Given the previous questions about ball bearings, I'm guessing that's the real question: what do ball bearings do for me. 

From high school physics, you may recall that friction is what slows down a moving object, weight is what makes you do work to lift it, and inertia is the tendency of the object not to want to change speed. 

So, if you reduce the rolling friction, then you only have to contend with inertia and weight. Inertia makes your loco work to get the train rolling, but then if the rolling fristion is reduced, it is less effort to keep it rolling. Weight, on the other hand, is heavy. Reducing rolling friction won't reduce the effort required to pull a 10 car train up a 1% grade. 

In practice on our trains, ball bearings reduce rolling friction by a significant factor, so on a level track your loco can pull a lot more cars (once they are moving.) Even heavy ones - Dr Rivet has a bunch of brass EBT hoppers, and my Mikado pulled 18 of his, one of mine and a combine, all ball bearings, without any sweat. 

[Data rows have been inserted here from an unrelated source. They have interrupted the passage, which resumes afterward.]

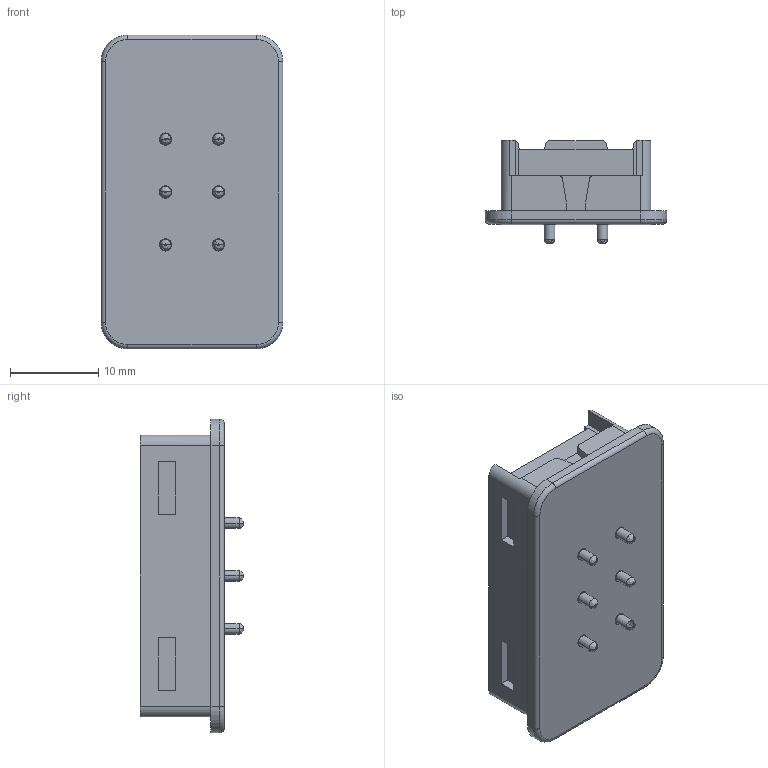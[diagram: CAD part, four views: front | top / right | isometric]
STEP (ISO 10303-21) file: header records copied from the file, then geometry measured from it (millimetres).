
FILE_DESCRIPTION (( 'STEP AP203' ), '1' );
FILE_NAME ('685-C06B1261110.STEP', '2023-02-13T13:18:08', ( 'Magnum' ), ( '' ), 'SwSTEP 2.0', 'SolidWorks 2020', '' );
FILE_SCHEMA (( 'CONFIG_CONTROL_DESIGN' ));
Length unit declared in the file: millimetre
Products named in the file (1): 685-C06B1261110
Bounding box: 20.6 x 11.7 x 35.6 mm (x, y, z)
Volume: 3744.1 mm3; surface area: 3558.4 mm2
Topology: 7 solids, 12 shells, 347 faces, 845 edges, 540 vertices
Faces by surface type: plane 190, cylinder 115, cone 22, bspline 16, torus 4
Entity records: 10694 total; most frequent: CARTESIAN_POINT 2321, DIRECTION 1793, ORIENTED_EDGE 1666, EDGE_CURVE 833, AXIS2_PLACEMENT_3D 652, VERTEX_POINT 540, VECTOR 489, LINE 489

They don't help on hills - the reverse if you get uncoupled. In fact, even the wind at Roger's place this weekend was rolling our ball-bearing equipped stock! We were wishing for working car brakes.


----------



## Greg Elmassian (Jan 3, 2008)

Small correction on the phyiscs: 

Ball bearings will reduce the effort required to pull a train up a 1% grade. But the effort to "lift" the cars up the 1% is almost always much more than the effort saved in rolling resistance. 

There will always be a person who will not agree to this. If you have really bad stock bearings, of course the ball bearings will make such a huge difference that people in this situation will swear they are radically important on grades. 

But if you calculate the effort required to go up a grade, where you are lifting weight (as opposed to flat track), you will see the "truth". 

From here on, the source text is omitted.